- _Task to carry out_: Determine how many lines below hold the string "jeff". Reply with the number alone.

- _Dataset records_:

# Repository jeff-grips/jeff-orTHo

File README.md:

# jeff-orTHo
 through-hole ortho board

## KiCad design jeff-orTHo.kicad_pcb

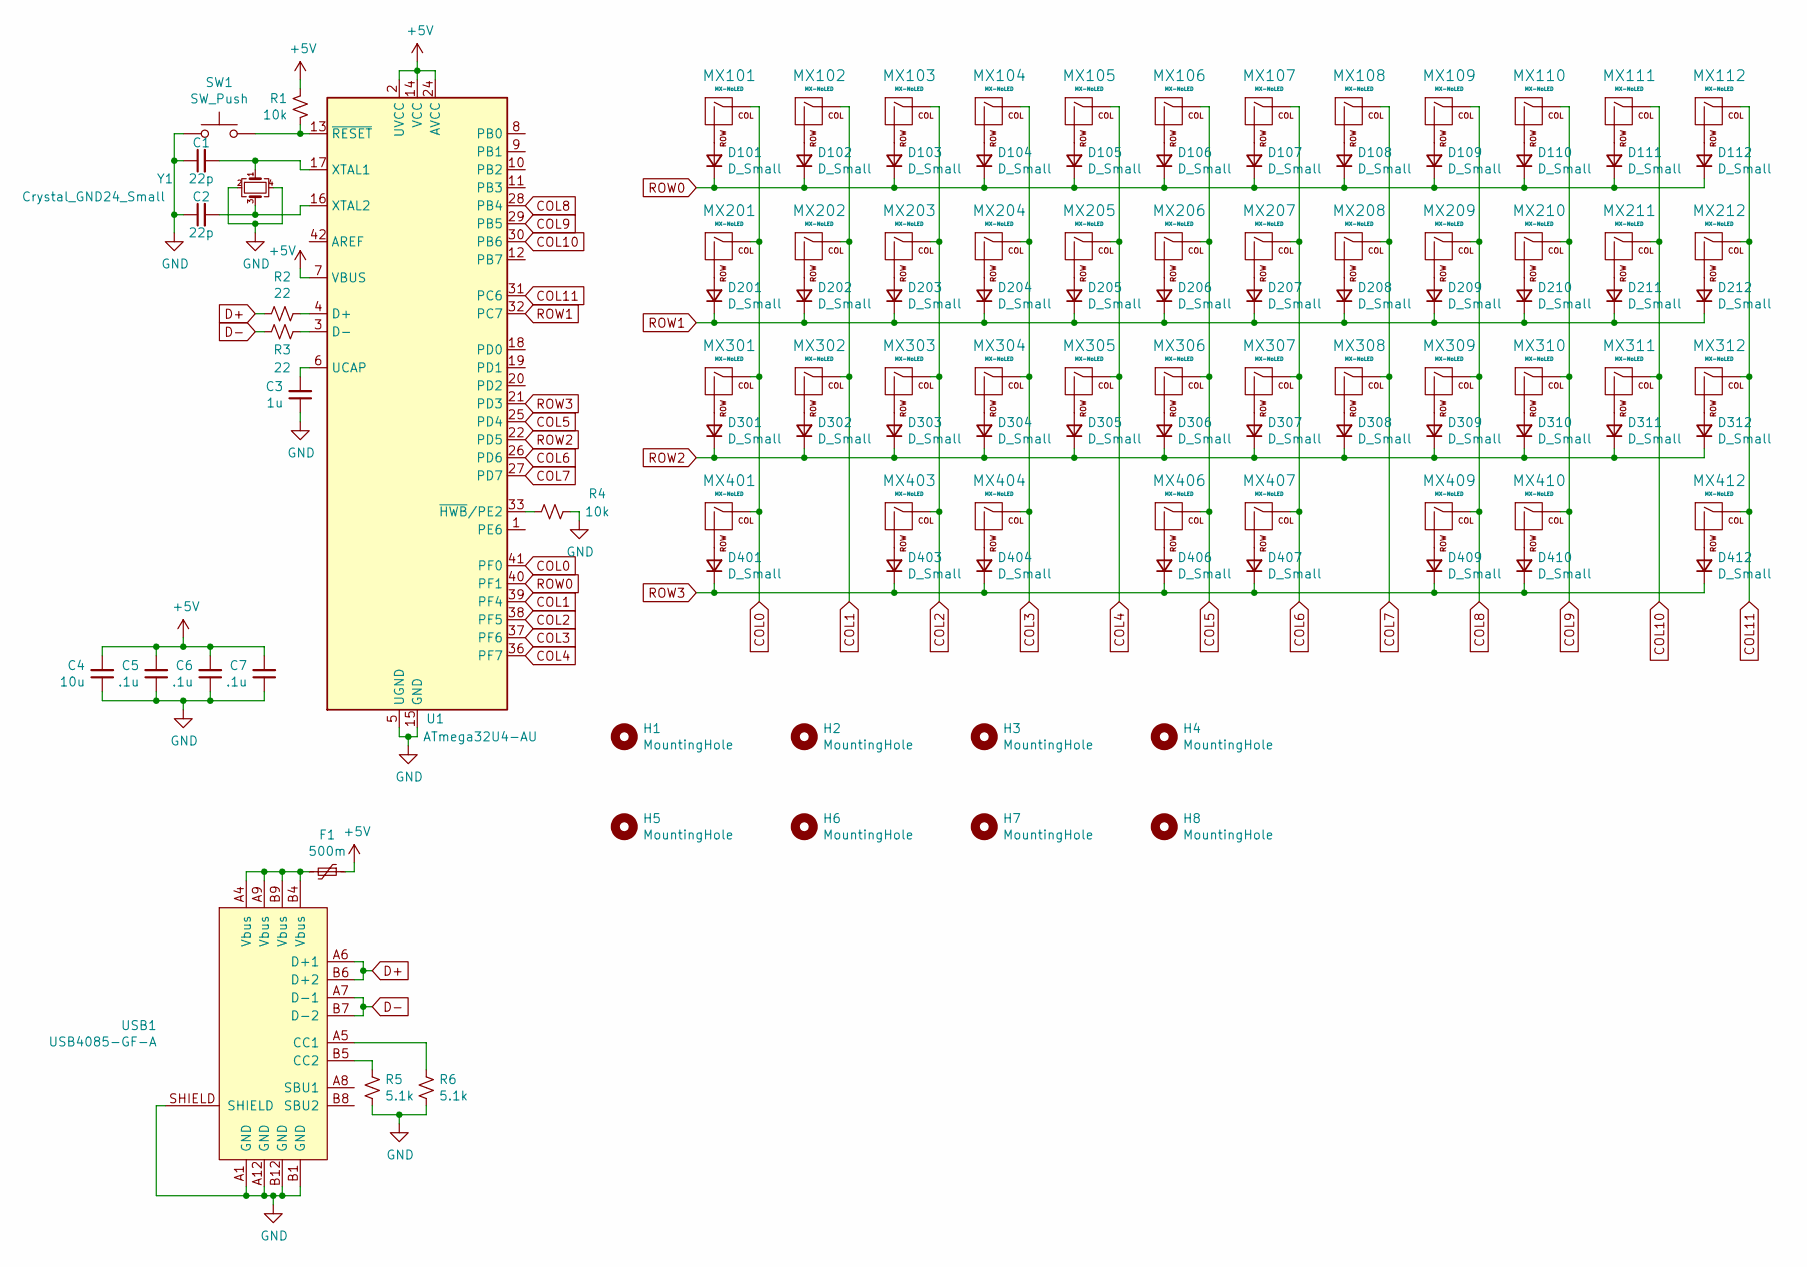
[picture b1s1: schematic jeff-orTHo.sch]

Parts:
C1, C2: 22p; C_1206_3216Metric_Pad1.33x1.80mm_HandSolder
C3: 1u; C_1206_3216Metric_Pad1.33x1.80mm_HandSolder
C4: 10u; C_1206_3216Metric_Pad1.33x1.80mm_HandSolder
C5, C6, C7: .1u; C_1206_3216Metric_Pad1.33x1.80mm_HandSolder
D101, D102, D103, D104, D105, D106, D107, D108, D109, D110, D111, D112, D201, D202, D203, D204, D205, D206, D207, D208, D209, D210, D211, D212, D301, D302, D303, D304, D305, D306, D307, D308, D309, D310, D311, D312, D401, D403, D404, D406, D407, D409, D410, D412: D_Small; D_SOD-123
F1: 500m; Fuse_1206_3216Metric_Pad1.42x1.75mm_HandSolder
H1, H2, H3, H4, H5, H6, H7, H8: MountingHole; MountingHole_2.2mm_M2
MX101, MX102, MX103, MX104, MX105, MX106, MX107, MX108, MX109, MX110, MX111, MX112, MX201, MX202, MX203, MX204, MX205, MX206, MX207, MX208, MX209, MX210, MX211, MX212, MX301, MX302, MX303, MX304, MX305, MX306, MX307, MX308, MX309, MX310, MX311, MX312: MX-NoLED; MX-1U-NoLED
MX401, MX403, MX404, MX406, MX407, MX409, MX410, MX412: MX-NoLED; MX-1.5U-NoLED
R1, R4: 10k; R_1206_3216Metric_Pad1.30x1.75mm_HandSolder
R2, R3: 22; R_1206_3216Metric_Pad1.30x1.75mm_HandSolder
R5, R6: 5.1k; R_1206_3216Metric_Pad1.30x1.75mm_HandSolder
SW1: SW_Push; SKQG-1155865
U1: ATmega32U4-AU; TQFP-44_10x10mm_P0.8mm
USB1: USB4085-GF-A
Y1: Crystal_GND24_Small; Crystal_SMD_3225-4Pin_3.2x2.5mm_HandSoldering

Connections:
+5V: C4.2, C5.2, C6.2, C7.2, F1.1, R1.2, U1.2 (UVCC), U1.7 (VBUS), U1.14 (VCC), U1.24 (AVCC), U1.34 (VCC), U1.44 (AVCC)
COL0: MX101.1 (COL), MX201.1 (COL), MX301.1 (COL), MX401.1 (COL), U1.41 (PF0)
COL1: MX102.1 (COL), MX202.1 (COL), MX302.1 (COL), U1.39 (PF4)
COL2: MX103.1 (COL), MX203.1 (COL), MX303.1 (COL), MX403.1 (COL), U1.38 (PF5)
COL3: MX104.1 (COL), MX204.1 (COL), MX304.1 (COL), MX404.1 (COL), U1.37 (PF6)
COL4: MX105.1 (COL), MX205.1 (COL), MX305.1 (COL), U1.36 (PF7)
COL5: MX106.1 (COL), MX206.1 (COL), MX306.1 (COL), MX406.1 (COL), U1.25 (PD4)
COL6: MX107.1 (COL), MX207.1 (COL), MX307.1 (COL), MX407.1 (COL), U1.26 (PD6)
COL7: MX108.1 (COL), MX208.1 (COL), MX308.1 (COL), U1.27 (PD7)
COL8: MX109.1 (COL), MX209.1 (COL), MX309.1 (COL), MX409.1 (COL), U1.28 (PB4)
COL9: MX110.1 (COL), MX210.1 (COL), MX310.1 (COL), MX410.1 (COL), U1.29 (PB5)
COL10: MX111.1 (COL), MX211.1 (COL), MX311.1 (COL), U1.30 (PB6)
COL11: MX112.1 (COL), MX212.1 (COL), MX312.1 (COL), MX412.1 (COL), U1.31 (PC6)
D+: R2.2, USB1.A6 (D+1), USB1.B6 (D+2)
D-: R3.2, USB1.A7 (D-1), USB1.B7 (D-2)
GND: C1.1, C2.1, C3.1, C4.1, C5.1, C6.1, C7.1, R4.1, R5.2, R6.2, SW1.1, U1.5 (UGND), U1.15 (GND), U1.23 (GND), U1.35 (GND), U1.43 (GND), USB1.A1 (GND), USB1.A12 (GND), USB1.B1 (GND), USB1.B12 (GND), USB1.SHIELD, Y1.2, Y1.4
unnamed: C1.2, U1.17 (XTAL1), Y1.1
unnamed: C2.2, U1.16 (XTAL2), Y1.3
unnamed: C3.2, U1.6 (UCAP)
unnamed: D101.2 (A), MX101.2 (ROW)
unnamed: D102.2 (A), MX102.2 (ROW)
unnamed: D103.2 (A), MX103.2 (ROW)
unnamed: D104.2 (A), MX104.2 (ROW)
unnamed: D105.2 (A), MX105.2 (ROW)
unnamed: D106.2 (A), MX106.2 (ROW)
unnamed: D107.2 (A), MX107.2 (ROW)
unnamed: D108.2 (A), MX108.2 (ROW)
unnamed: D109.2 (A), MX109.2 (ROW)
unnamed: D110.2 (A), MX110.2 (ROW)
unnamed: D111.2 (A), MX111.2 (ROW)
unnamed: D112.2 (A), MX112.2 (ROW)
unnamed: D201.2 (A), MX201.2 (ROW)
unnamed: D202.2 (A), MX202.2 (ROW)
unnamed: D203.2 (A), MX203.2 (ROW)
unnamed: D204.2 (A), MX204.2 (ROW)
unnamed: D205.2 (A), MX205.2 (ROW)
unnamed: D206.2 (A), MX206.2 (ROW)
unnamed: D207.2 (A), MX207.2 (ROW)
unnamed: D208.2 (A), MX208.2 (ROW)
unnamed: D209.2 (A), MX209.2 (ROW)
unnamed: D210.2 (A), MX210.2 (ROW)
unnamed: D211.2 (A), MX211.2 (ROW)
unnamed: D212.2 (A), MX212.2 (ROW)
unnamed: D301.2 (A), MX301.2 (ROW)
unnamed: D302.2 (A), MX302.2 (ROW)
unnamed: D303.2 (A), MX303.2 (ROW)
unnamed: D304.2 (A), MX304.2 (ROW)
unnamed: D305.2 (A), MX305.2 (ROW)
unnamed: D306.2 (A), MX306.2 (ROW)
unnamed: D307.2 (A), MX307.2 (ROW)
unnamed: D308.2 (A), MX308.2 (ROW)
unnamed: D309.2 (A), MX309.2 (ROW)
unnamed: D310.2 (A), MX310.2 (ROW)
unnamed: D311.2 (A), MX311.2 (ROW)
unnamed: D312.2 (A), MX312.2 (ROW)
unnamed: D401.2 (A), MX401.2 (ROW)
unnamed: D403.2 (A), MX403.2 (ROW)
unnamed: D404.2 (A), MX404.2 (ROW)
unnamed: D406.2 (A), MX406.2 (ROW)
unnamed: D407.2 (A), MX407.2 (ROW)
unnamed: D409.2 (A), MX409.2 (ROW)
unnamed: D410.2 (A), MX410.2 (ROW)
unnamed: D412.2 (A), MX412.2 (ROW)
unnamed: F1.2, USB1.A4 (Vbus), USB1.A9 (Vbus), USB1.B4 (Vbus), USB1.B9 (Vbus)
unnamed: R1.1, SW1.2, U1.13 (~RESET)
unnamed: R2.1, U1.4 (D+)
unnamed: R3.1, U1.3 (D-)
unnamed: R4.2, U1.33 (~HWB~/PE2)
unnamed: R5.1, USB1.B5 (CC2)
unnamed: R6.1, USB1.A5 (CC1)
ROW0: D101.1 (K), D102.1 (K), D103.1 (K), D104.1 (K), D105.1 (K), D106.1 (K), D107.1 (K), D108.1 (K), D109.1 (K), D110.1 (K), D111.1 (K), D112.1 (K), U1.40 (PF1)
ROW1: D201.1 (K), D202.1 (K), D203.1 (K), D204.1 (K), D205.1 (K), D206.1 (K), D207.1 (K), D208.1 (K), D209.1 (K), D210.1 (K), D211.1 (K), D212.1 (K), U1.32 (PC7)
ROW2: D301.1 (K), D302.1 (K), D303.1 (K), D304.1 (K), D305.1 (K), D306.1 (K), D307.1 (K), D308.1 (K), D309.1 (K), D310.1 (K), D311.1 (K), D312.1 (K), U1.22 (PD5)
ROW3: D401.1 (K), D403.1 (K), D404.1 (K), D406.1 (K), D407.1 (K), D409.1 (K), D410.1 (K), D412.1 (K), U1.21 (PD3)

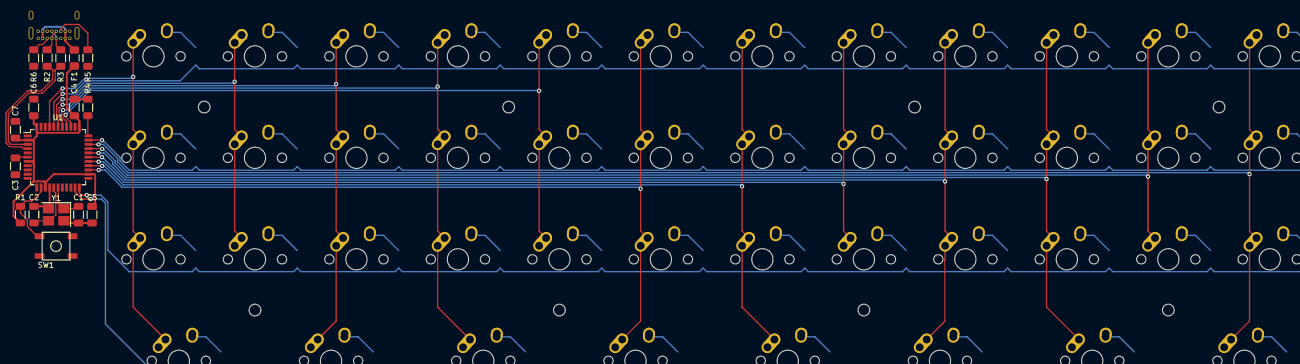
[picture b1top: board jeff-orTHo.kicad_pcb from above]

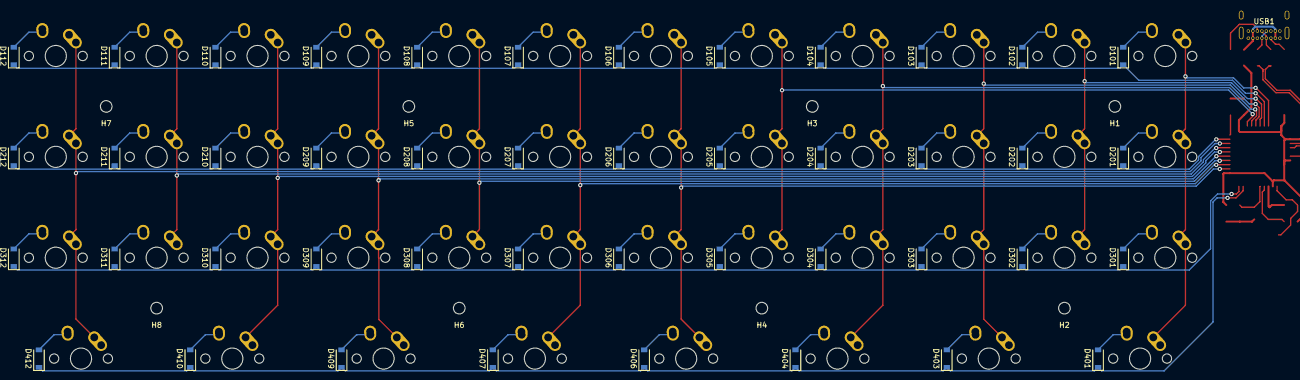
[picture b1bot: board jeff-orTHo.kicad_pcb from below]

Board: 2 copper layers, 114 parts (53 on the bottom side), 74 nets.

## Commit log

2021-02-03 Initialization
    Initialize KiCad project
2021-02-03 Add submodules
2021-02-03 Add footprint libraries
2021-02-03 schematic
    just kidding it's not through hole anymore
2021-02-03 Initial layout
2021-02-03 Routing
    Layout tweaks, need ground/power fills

- _Exercise result_: 6